• [EXERCISE REQUIREMENTS]:
Nothing but the lines from the first line of the records through the line with "#718 = VERTEX_POINT ( 'NONE', #9771 ) ;" should be output, exactly as written and free of pictures.

[Start of section]

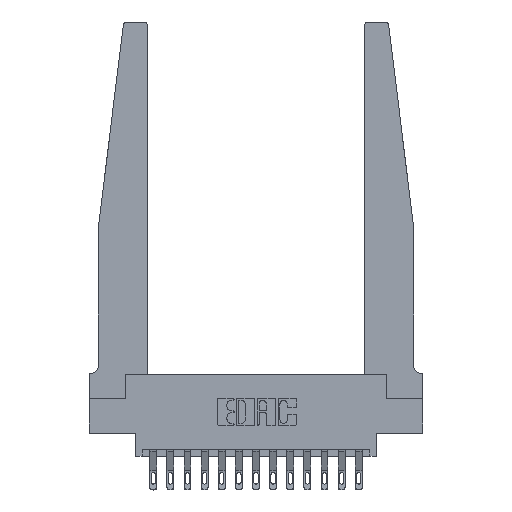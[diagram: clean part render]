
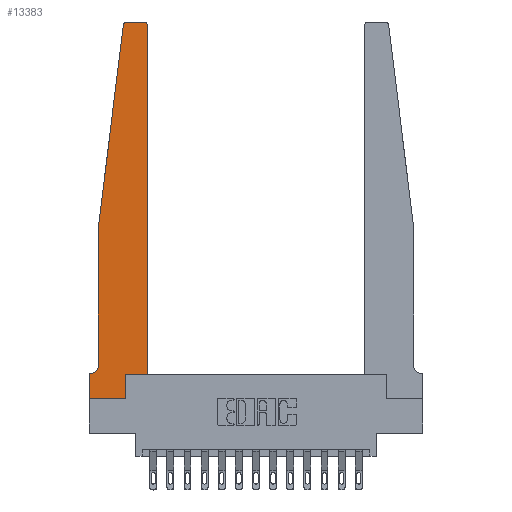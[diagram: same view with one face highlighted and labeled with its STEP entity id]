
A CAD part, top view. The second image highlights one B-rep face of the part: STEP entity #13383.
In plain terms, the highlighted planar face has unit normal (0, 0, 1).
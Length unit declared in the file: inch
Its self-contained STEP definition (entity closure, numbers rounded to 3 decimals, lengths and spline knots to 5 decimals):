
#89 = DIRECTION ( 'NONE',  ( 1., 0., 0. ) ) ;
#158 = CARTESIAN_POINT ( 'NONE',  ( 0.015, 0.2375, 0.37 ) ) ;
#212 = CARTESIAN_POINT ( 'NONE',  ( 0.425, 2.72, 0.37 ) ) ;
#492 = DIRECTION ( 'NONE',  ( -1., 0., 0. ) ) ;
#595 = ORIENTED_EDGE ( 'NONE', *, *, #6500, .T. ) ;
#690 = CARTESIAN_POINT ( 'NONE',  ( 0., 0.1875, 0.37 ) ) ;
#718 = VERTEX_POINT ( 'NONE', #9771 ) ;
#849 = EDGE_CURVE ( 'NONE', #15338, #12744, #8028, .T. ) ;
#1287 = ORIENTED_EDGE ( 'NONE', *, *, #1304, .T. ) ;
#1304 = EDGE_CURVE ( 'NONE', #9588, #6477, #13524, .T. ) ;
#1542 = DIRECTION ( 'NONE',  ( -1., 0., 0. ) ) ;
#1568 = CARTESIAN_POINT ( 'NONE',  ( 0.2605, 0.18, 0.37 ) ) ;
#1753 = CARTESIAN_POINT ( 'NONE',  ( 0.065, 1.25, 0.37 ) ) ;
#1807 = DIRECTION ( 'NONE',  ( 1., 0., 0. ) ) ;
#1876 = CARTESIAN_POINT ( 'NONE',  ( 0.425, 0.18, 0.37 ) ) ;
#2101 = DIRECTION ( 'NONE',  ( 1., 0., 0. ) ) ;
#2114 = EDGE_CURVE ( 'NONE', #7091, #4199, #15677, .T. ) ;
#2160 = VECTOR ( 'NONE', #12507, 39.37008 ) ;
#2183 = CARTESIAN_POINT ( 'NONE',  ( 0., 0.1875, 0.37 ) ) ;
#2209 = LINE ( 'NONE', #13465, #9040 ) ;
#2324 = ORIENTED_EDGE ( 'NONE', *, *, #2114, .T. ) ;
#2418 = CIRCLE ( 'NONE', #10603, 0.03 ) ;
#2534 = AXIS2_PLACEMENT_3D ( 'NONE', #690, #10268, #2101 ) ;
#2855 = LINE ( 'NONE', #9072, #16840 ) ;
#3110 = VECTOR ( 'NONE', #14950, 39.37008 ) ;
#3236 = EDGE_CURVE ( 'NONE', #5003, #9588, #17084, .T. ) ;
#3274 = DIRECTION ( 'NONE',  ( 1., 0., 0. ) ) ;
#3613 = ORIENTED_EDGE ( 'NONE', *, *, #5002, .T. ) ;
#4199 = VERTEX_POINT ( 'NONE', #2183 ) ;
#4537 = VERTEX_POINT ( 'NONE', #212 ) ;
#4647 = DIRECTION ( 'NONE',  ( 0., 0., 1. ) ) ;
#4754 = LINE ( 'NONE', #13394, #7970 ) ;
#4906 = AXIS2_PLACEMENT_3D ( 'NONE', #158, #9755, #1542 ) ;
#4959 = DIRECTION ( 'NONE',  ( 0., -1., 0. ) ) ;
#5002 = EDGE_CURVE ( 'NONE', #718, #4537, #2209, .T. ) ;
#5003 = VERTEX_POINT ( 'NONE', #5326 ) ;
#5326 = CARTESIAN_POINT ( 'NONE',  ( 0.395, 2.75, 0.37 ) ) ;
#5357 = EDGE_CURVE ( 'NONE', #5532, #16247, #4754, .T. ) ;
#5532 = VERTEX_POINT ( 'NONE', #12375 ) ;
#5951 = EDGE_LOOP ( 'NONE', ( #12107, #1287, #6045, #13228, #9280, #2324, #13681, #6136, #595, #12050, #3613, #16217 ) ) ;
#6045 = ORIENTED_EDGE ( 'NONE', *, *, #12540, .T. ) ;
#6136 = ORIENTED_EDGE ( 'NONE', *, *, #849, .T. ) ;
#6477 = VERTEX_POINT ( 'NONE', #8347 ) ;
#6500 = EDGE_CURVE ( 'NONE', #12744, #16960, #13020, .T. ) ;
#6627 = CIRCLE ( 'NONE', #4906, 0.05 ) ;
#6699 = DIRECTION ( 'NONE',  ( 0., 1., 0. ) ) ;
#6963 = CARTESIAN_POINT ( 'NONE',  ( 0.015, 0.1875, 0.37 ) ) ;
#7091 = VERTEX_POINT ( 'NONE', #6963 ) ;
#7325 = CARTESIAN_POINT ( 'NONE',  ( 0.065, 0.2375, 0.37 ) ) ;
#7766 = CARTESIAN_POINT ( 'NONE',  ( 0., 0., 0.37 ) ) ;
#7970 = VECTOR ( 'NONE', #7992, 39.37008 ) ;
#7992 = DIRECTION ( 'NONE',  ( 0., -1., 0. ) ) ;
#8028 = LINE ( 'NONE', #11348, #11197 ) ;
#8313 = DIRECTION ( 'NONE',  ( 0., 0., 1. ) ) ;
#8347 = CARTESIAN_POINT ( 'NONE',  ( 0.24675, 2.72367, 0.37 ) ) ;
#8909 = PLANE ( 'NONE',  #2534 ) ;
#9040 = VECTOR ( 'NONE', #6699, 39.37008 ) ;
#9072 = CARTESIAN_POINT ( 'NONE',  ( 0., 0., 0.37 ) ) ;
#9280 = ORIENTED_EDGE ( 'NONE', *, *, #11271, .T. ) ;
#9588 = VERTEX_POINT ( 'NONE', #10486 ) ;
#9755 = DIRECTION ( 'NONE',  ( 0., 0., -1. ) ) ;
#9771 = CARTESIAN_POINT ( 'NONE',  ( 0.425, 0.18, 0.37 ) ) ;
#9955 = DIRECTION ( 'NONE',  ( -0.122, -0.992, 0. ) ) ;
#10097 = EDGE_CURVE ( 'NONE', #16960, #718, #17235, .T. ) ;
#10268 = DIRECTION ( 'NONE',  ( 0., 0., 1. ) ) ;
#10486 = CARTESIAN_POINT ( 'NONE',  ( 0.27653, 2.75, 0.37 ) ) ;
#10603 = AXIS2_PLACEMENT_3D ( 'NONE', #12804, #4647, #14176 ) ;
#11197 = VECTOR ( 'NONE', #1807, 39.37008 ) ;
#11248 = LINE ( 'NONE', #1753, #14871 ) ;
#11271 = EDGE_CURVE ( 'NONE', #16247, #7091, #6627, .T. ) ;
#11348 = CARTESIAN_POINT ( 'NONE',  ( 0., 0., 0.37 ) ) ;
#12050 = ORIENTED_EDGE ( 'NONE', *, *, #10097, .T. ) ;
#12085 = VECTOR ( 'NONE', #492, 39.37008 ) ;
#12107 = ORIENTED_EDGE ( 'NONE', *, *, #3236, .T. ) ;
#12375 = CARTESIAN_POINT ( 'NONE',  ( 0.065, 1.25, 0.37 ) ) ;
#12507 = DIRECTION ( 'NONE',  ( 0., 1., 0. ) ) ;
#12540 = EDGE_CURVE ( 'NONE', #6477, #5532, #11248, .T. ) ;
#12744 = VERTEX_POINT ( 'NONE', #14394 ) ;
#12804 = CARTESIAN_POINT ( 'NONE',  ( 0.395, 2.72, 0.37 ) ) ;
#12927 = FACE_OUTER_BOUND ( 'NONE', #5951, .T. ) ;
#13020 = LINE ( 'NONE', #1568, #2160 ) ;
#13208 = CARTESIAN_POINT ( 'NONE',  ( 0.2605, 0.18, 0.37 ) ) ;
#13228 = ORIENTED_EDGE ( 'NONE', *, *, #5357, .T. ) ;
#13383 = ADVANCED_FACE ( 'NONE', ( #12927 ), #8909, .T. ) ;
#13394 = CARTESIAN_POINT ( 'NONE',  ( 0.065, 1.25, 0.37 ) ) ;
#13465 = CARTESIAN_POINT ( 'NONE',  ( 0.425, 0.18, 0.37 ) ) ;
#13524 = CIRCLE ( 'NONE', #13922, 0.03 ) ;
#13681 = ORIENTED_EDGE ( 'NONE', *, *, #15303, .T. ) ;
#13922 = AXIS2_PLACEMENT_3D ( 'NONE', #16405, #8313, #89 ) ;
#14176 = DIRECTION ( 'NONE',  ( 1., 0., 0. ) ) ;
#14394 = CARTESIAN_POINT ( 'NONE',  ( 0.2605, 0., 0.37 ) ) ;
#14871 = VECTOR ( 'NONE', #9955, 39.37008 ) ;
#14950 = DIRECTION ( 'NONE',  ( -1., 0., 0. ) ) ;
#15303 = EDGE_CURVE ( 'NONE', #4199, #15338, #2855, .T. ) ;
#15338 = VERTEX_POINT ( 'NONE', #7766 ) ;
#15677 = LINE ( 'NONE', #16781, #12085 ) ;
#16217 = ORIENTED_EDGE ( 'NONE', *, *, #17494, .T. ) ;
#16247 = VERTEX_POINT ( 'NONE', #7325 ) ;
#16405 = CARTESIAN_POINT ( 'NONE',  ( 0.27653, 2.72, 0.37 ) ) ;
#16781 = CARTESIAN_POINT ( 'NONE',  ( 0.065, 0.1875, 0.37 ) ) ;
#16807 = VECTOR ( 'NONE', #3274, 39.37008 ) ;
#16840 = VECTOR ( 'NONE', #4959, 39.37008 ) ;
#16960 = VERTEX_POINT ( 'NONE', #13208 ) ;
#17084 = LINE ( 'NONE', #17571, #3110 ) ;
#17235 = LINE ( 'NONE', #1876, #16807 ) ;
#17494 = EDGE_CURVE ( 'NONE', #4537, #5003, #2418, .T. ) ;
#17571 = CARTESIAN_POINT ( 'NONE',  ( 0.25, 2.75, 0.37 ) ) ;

[End of section]

• [SOLUTION TO THIS PROBLEM]:
[diagram: clean part render]
[diagram: same view with one face highlighted and labeled with its STEP entity id]
A CAD part, top view. The second image highlights one B-rep face of the part: STEP entity #13383.
In plain terms, the highlighted planar face has unit normal (0, 0, 1).
Length unit declared in the file: inch
Its self-contained STEP definition (entity closure, numbers rounded to 3 decimals, lengths and spline knots to 5 decimals):
#89 = DIRECTION ( 'NONE',  ( 1., 0., 0. ) ) ;
#158 = CARTESIAN_POINT ( 'NONE',  ( 0.015, 0.2375, 0.37 ) ) ;
#212 = CARTESIAN_POINT ( 'NONE',  ( 0.425, 2.72, 0.37 ) ) ;
#492 = DIRECTION ( 'NONE',  ( -1., 0., 0. ) ) ;
#595 = ORIENTED_EDGE ( 'NONE', *, *, #6500, .T. ) ;
#690 = CARTESIAN_POINT ( 'NONE',  ( 0., 0.1875, 0.37 ) ) ;
#718 = VERTEX_POINT ( 'NONE', #9771 ) ;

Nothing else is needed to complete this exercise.